Yatırım deyince, herkesin anladığı anlamıyla “yatırım”dan bahsetmiyorum. Hisse senediymiş şuymuş buymuş o taraklarda pek bezim yok. Bahsettiğim yatırım, “benim kullandığım anlamı”yla yatırım. Belki dili böyle kendi keyfime göre eğip bükmeye hakkım yok; ama oldu bir kere, en azından açıklayayım…
Yıllardır, para verip satın aldığım bir şey, eğer değerini bulur, iyi ve sık kullanılırsa, ona “iyi yatırım” diyorum. Eğer büyük umutlarla alınan o şey, şu ya da bu sebepten rafa kalkar, fiyatının hakkını veremezse de, ona “kötü yatırım” diyorum. Orijinal kelime anlamından çok da farklı değil, yalnız paranın para değil fayda ya da tatmin getirmesini bekliyoruz burada…

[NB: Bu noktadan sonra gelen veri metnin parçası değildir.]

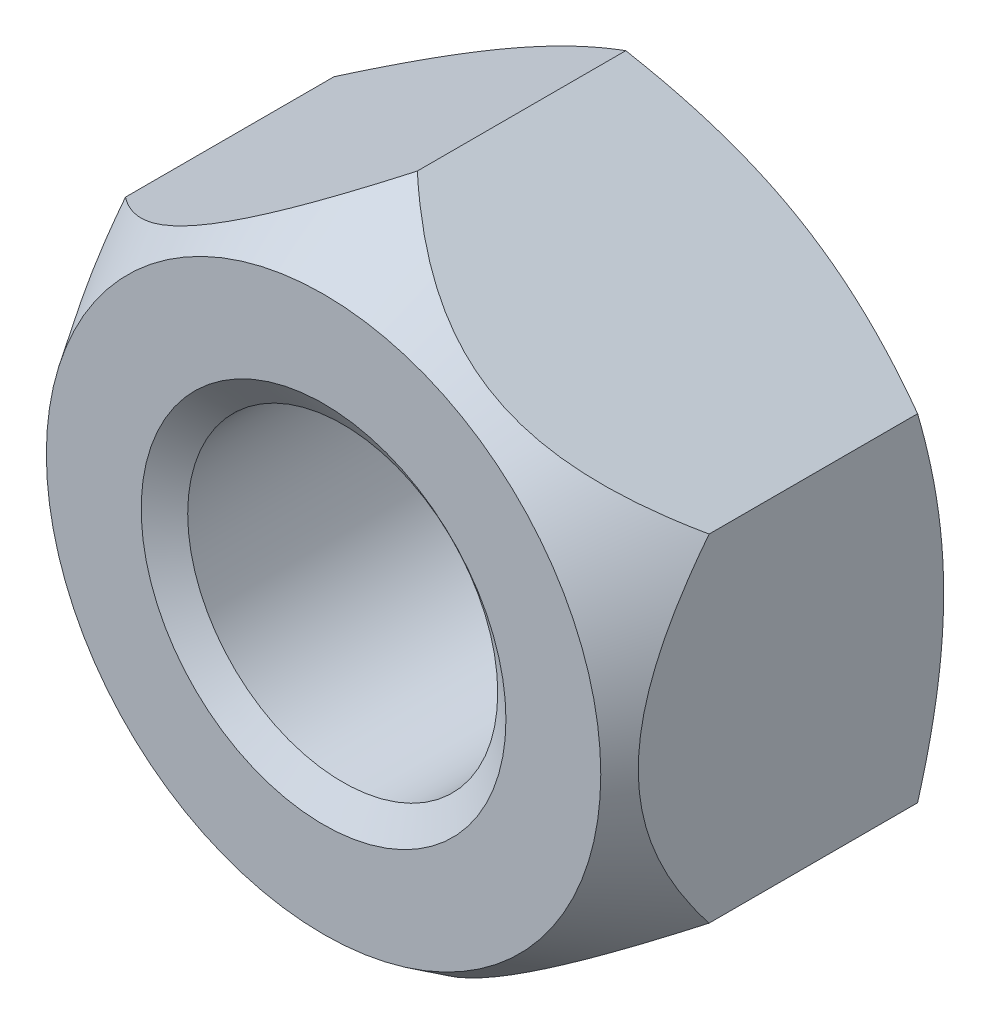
ISO-10303-21;
HEADER;
FILE_DESCRIPTION(('STEP AP214'),'2;1');
FILE_NAME('part.step','',(''),(''),'','','');
FILE_SCHEMA(('AUTOMOTIVE_DESIGN { 1 0 10303 214 1 1 1 1 }'));
ENDSEC;
DATA;
#1=APPLICATION_CONTEXT('core data for automotive mechanical design processes');
#2=APPLICATION_PROTOCOL_DEFINITION('international standard','automotive_design',2000,#1);
#3=PRODUCT_CONTEXT('',#1,'mechanical');
#4=PRODUCT('Part','Part','',(#3));
#5=PRODUCT_RELATED_PRODUCT_CATEGORY('part','',(#4));
#6=PRODUCT_DEFINITION_FORMATION('','',#4);
#7=PRODUCT_DEFINITION_CONTEXT('part definition',#1,'design');
#8=PRODUCT_DEFINITION('design','',#6,#7);
#9=PRODUCT_DEFINITION_SHAPE('','',#8);
#10=(LENGTH_UNIT() NAMED_UNIT(*) SI_UNIT(.MILLI.,.METRE.));
#11=(NAMED_UNIT(*) PLANE_ANGLE_UNIT() SI_UNIT($,.RADIAN.));
#12=(NAMED_UNIT(*) SI_UNIT($,.STERADIAN.) SOLID_ANGLE_UNIT());
#13=UNCERTAINTY_MEASURE_WITH_UNIT(LENGTH_MEASURE(1.E-05),#10,'distance_accuracy_value','');
#14=(GEOMETRIC_REPRESENTATION_CONTEXT(3) GLOBAL_UNCERTAINTY_ASSIGNED_CONTEXT((#13)) GLOBAL_UNIT_ASSIGNED_CONTEXT((#10,
#11,#12)) REPRESENTATION_CONTEXT('',''));
#15=CARTESIAN_POINT('',(0.,0.,0.));
#16=DIRECTION('',(0.,0.,1.));
#17=DIRECTION('',(1.,0.,0.));
#18=AXIS2_PLACEMENT_3D('',#15,#16,#17);
#19=CARTESIAN_POINT('',(0.,0.,-9.));
#20=DIRECTION('',(0.,0.,1.));
#21=DIRECTION('',(1.,0.,0.));
#22=AXIS2_PLACEMENT_3D('',#19,#20,#21);
#23=CYLINDRICAL_SURFACE('',#22,4.25);
#24=CARTESIAN_POINT('',(0.,0.,-0.525155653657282));
#25=DIRECTION('',(0.,0.,1.));
#26=DIRECTION('',(1.,0.,0.));
#27=AXIS2_PLACEMENT_3D('',#24,#25,#26);
#28=CIRCLE('',#27,4.25);
#29=CARTESIAN_POINT('',(4.25,0.,-0.525155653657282));
#30=VERTEX_POINT('',#29);
#31=EDGE_CURVE('E146',#30,#30,#28,.F.);
#32=ORIENTED_EDGE('',*,*,#31,.F.);
#33=EDGE_LOOP('',(#32));
#34=FACE_BOUND('',#33,.T.);
#35=CARTESIAN_POINT('',(0.,0.,-8.44944434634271));
#36=DIRECTION('',(0.,0.,-1.));
#37=DIRECTION('',(-1.,0.,0.));
#38=AXIS2_PLACEMENT_3D('',#35,#36,#37);
#39=CIRCLE('',#38,4.25);
#40=CARTESIAN_POINT('',(-4.25,0.,-8.44944434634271));
#41=VERTEX_POINT('',#40);
#42=EDGE_CURVE('E35',#41,#41,#39,.F.);
#43=ORIENTED_EDGE('',*,*,#42,.F.);
#44=EDGE_LOOP('',(#43));
#45=FACE_BOUND('',#44,.T.);
#46=ADVANCED_FACE('F30',(#34,#45),#23,.F.);
#47=CARTESIAN_POINT('',(0.,9.23760430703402,-9.));
#48=DIRECTION('',(0.,0.,-1.));
#49=DIRECTION('',(-1.,0.,0.));
#50=AXIS2_PLACEMENT_3D('',#47,#48,#49);
#51=PLANE('',#50);
#52=CARTESIAN_POINT('',(0.,0.,-9.));
#53=DIRECTION('',(0.,0.,-1.));
#54=DIRECTION('',(-1.,0.,0.));
#55=AXIS2_PLACEMENT_3D('',#52,#53,#54);
#56=CIRCLE('',#55,8.);
#57=CARTESIAN_POINT('',(-8.,0.,-9.));
#58=VERTEX_POINT('',#57);
#59=CARTESIAN_POINT('',(-4.00000000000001,-6.92820323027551,-9.));
#60=VERTEX_POINT('',#59);
#61=EDGE_CURVE('E11',#58,#60,#56,.F.);
#62=ORIENTED_EDGE('',*,*,#61,.F.);
#63=CARTESIAN_POINT('',(-4.,6.92820323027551,-9.));
#64=VERTEX_POINT('',#63);
#65=EDGE_CURVE('E42',#64,#58,#56,.F.);
#66=ORIENTED_EDGE('',*,*,#65,.F.);
#67=CARTESIAN_POINT('',(4.00000000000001,6.9282032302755,-9.));
#68=VERTEX_POINT('',#67);
#69=EDGE_CURVE('E145',#68,#64,#56,.F.);
#70=ORIENTED_EDGE('',*,*,#69,.F.);
#71=CARTESIAN_POINT('',(0.,0.,-9.));
#72=DIRECTION('',(0.,0.,1.));
#73=DIRECTION('',(1.,0.,0.));
#74=AXIS2_PLACEMENT_3D('',#71,#72,#73);
#75=CIRCLE('',#74,8.);
#76=CARTESIAN_POINT('',(8.,0.,-9.));
#77=VERTEX_POINT('',#76);
#78=EDGE_CURVE('E426',#77,#68,#75,.T.);
#79=ORIENTED_EDGE('',*,*,#78,.F.);
#80=CARTESIAN_POINT('',(4.,-6.92820323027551,-9.));
#81=VERTEX_POINT('',#80);
#82=EDGE_CURVE('E440',#81,#77,#56,.F.);
#83=ORIENTED_EDGE('',*,*,#82,.F.);
#84=EDGE_CURVE('E40',#60,#81,#56,.F.);
#85=ORIENTED_EDGE('',*,*,#84,.F.);
#86=EDGE_LOOP('',(#62,#66,#70,#79,#83,#85));
#87=FACE_BOUND('',#86,.T.);
#88=CARTESIAN_POINT('',(0.,0.,-9.));
#89=DIRECTION('',(0.,0.,-1.));
#90=DIRECTION('',(-1.,0.,0.));
#91=AXIS2_PLACEMENT_3D('',#88,#89,#90);
#92=CIRCLE('',#91,5.);
#93=CARTESIAN_POINT('',(-5.,0.,-9.));
#94=VERTEX_POINT('',#93);
#95=EDGE_CURVE('E150',#94,#94,#92,.F.);
#96=ORIENTED_EDGE('',*,*,#95,.T.);
#97=EDGE_LOOP('',(#96));
#98=FACE_BOUND('',#97,.T.);
#99=ADVANCED_FACE('F214',(#87,#98),#51,.T.);
#100=CARTESIAN_POINT('',(0.,9.23760430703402,0.));
#101=DIRECTION('',(0.,0.,-1.));
#102=DIRECTION('',(-1.,0.,0.));
#103=AXIS2_PLACEMENT_3D('',#100,#101,#102);
#104=PLANE('',#103);
#105=CARTESIAN_POINT('',(0.,0.,0.));
#106=DIRECTION('',(0.,0.,1.));
#107=DIRECTION('',(1.,0.,0.));
#108=AXIS2_PLACEMENT_3D('',#105,#106,#107);
#109=CIRCLE('',#108,7.6);
#110=CARTESIAN_POINT('',(7.6,0.,0.));
#111=VERTEX_POINT('',#110);
#112=EDGE_CURVE('E148',#111,#111,#109,.T.);
#113=ORIENTED_EDGE('',*,*,#112,.T.);
#114=EDGE_LOOP('',(#113));
#115=FACE_BOUND('',#114,.T.);
#116=CARTESIAN_POINT('',(0.,0.,0.));
#117=DIRECTION('',(0.,0.,1.));
#118=DIRECTION('',(1.,0.,0.));
#119=AXIS2_PLACEMENT_3D('',#116,#117,#118);
#120=CIRCLE('',#119,5.);
#121=CARTESIAN_POINT('',(5.,0.,0.));
#122=VERTEX_POINT('',#121);
#123=EDGE_CURVE('E149',#122,#122,#120,.T.);
#124=ORIENTED_EDGE('',*,*,#123,.F.);
#125=EDGE_LOOP('',(#124));
#126=FACE_BOUND('',#125,.T.);
#127=ADVANCED_FACE('F266',(#115,#126),#104,.F.);
#128=CARTESIAN_POINT('',(0.,9.23760430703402,-9.));
#129=DIRECTION('',(-0.500000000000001,0.866025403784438,0.));
#130=DIRECTION('',(-0.866025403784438,-0.500000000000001,0.));
#131=AXIS2_PLACEMENT_3D('',#128,#129,#130);
#132=PLANE('',#131);
#133=DIRECTION('',(0.,0.,1.));
#134=VECTOR('',#133,1.);
#135=CARTESIAN_POINT('',(-8.,4.618802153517,-9.));
#136=LINE('',#135,#134);
#137=CARTESIAN_POINT('',(-8.,4.61880215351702,-8.28546882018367));
#138=VERTEX_POINT('',#137);
#139=CARTESIAN_POINT('',(-8.,4.618802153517,-2.56999999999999));
#140=VERTEX_POINT('',#139);
#141=EDGE_CURVE('E140',#138,#140,#136,.T.);
#142=ORIENTED_EDGE('',*,*,#141,.T.);
#143=CARTESIAN_POINT('',(-8.0002,4.61868668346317,-2.5701812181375));
#144=CARTESIAN_POINT('',(-7.9150840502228,4.66782839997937,-2.49306399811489));
#145=CARTESIAN_POINT('',(-7.8291989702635,4.71741417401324,-2.41708127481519));
#146=CARTESIAN_POINT('',(-7.65573743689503,4.81756223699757,-2.2676826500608));
#147=CARTESIAN_POINT('',(-7.56816055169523,4.86812477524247,-2.19426741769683));
#148=CARTESIAN_POINT('',(-7.30199770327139,5.02179396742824,-1.97778422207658));
#149=CARTESIAN_POINT('',(-7.12068103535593,5.1264771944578,-1.8391216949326));
#150=CARTESIAN_POINT('',(-6.74583954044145,5.34289203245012,-1.57413307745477));
#151=CARTESIAN_POINT('',(-6.55213408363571,5.45472793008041,-1.44814466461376));
#152=CARTESIAN_POINT('',(-6.1557929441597,5.68355559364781,-1.21711956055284));
#153=CARTESIAN_POINT('',(-5.95317372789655,5.80053785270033,-1.11204606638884));
#154=CARTESIAN_POINT('',(-5.61980314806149,5.99300944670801,-0.964407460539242));
#155=CARTESIAN_POINT('',(-5.49183349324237,6.06689276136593,-0.913443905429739));
#156=CARTESIAN_POINT('',(-5.23286494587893,6.21640832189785,-0.822900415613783));
#157=CARTESIAN_POINT('',(-5.10186591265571,6.29204064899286,-0.783321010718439));
#158=CARTESIAN_POINT('',(-4.83847998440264,6.44410658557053,-0.717166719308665));
#159=CARTESIAN_POINT('',(-4.70611197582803,6.52052929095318,-0.69049247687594));
#160=CARTESIAN_POINT('',(-4.43984570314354,6.67425819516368,-0.650725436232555));
#161=CARTESIAN_POINT('',(-4.30594753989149,6.75156433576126,-0.637631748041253));
#162=CARTESIAN_POINT('',(-4.03675995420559,6.90697986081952,-0.625539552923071));
#163=CARTESIAN_POINT('',(-3.90146725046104,6.98509113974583,-0.626637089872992));
#164=CARTESIAN_POINT('',(-3.63154168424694,7.14093273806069,-0.643111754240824));
#165=CARTESIAN_POINT('',(-3.49690883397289,7.21866305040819,-0.658489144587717));
#166=CARTESIAN_POINT('',(-3.22895584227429,7.37336578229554,-0.702935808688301));
#167=CARTESIAN_POINT('',(-3.09564081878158,7.45033524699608,-0.732045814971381));
#168=CARTESIAN_POINT('',(-2.8314914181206,7.60284197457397,-0.802859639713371));
#169=CARTESIAN_POINT('',(-2.7006586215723,7.67837832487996,-0.844571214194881));
#170=CARTESIAN_POINT('',(-2.39018809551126,7.85762856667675,-0.958197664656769));
#171=CARTESIAN_POINT('',(-2.21203247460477,7.96048676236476,-1.03551593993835));
#172=CARTESIAN_POINT('',(-1.86238556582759,8.16235549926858,-1.20820630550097));
#173=CARTESIAN_POINT('',(-1.69089923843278,8.26136317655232,-1.30359153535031));
#174=CARTESIAN_POINT('',(-1.35427835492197,8.45571133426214,-1.50897141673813));
#175=CARTESIAN_POINT('',(-1.18915625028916,8.55104462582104,-1.61899300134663));
#176=CARTESIAN_POINT('',(-0.865174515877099,8.73809556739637,-1.85050146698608));
#177=CARTESIAN_POINT('',(-0.706312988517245,8.82981431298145,-1.97198483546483));
#178=CARTESIAN_POINT('',(-0.456379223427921,8.97411363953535,-2.17386560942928));
#179=CARTESIAN_POINT('',(-0.363518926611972,9.02772655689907,-2.251345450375));
#180=CARTESIAN_POINT('',(-0.180092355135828,9.13362793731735,-2.40886778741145));
#181=CARTESIAN_POINT('',(-0.0895176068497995,9.18592129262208,-2.4888971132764));
#182=CARTESIAN_POINT('',(0.000200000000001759,9.23771977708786,-2.57018121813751));
#183=B_SPLINE_CURVE_WITH_KNOTS('',3,(#143,#144,#145,#146,#147,#148,#149,#150,#151,#152,#153,
#154,#155,#156,#157,#158,#159,#160,#161,#162,#163,#164,#165,#166,#167,#168,#169,#170,#171,#172,
#173,#174,#175,#176,#177,#178,#179,#180,#181,#182),.UNSPECIFIED.,.F.,.F.,(4,2,2,2,2,2,2,2,2,2,2,
2,2,2,2,2,2,2,2,4),(0.,0.374763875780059,0.749624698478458,1.50244478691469,2.27179273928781,
3.03977470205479,3.50831689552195,3.97688089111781,4.44177765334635,4.90664394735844,
5.37465801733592,5.84268070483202,6.31210041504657,6.78180963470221,7.43999639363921,
8.09866368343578,8.75856023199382,9.41825520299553,9.81507961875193,10.2101098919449),.UNSPECIFIED.);
#184=CARTESIAN_POINT('',(0.,9.23760430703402,-2.57));
#185=VERTEX_POINT('',#184);
#186=EDGE_CURVE('E49',#140,#185,#183,.T.);
#187=ORIENTED_EDGE('',*,*,#186,.T.);
#188=DIRECTION('',(0.,0.,1.));
#189=VECTOR('',#188,1.);
#190=CARTESIAN_POINT('',(0.,9.23760430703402,-9.));
#191=LINE('',#190,#189);
#192=CARTESIAN_POINT('',(0.,9.23760430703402,-8.28546882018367));
#193=VERTEX_POINT('',#192);
#194=EDGE_CURVE('E122',#193,#185,#191,.T.);
#195=ORIENTED_EDGE('',*,*,#194,.F.);
#196=CARTESIAN_POINT('',(-8.0002,4.61868668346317,-8.28540215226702));
#197=CARTESIAN_POINT('',(-7.8243512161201,4.72021302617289,-8.34400928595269));
#198=CARTESIAN_POINT('',(-7.64784680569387,4.82211789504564,-8.3999565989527));
#199=CARTESIAN_POINT('',(-7.29340453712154,5.02675523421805,-8.50579899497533));
#200=CARTESIAN_POINT('',(-7.11546609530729,5.12948804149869,-8.55569146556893));
#201=CARTESIAN_POINT('',(-6.57880176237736,5.43933133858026,-8.69530720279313));
#202=CARTESIAN_POINT('',(-6.21795741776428,5.64766491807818,-8.77471882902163));
#203=CARTESIAN_POINT('',(-5.67796082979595,5.95943209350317,-8.86783835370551));
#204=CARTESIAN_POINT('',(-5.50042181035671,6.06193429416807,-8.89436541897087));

Bu yazıda, elektronik eşyalarla sınırlı bırakacağım meseleyi. Halbuki daha nelere genişler; insanlara kadar yolu var. Öyle o kadar etraflı yazı yazmaya kalkınca da yazı bitmiyor.
Neler almışım bakalım, hafızayı zorlayalım:
Commodore 64
Bunu tabi teknik olarak kendim almadım. Para “çöteynk” diye kimi cebinden çıktı derseniz, rahmetli dedemin cebinden çıktı. Sene 1984. Gelmiş geçmiş en iyi yatırım olsa gerek bu. 1984-1991 yılları arasında, yedi yıl kullandım bu mereti. Kullanmak da laf mı, hayatımı başında geçirdim. Oynadığım oyunun haddi hesabı yok, ikide birde söylediğim gibi ilk programcılık olayına da bununla girdim. Evde duruyor hala o ilk alınan Commodore 64. Zamanında verilen 165.000 TL (insan ne ayrıntıları hatırlıyor böyle olunca) kendini ödemenin çok ötesine geçti. O zaman hobiyi başlattı, sonra mesleğe döndü. Dolapta tozlanan makina dile gelip de bugünkü maaşımdan pay istese hakkı var, o kadar ciddi yani durum…
Amiga 500
Commodore 64 sonrası aldım bunu. Bunu kendi paramla aldım. (ÖYS’de derece yaptım diye para verdiler dershaneden, onunla.) 1991-1994 arasında hizmet verdi bu arkadaş. İyi yatırım yine. Onun parasını unutmuşum ama, o da kendisini ödedi.
Sony Reader
Birden zamanda çok ileri ışınlandık ama olsun. Aldım bunu, çok güzel alet diye. Gerçekten de güzel. Normal kağıt gibi okunuyor, pili neredeyse sonsuz süre gidiyor. Kitaplar da yükledim içine, okudum da. Ama ömrü kısa oldu. Üç ay kadar sonra, rafa kalktı ve tozlanmaya başladı. Kötü yatırım. Sebep mi? Tek yönlü cihaz. Yalnız kitap okumaya yarıyor. Hafif, yarım kilodan azdı yanılmıyorsam, ama öyle boşverilecek bir ağırlık değil. Çantaya koyunca varlığı farkediliyordu yani.
Sony Z Serisi Laptop
Bunu Sony Reader’dan önce almıştım. Pahalı şerefsiz, ama hafif. Bir buçuk kiloluk bir laptop, ama netbook değil, bayağı ful performanslı bir laptop. Karbon fiber gövde. Sony Reader’ın da pabucunun dama atılmasına yardımcı oldu. 1.5kg taşıyınca her iş bundan yapılabiliyordu çünkü. En sevdiğim özelliklerinden biri, entegre 3G modem sahibi olmasıydı. SIM kart’ı takınca, her yerden İnternet, öyle Vınn gibi falan bir takozu tak çıkart derdi de yok…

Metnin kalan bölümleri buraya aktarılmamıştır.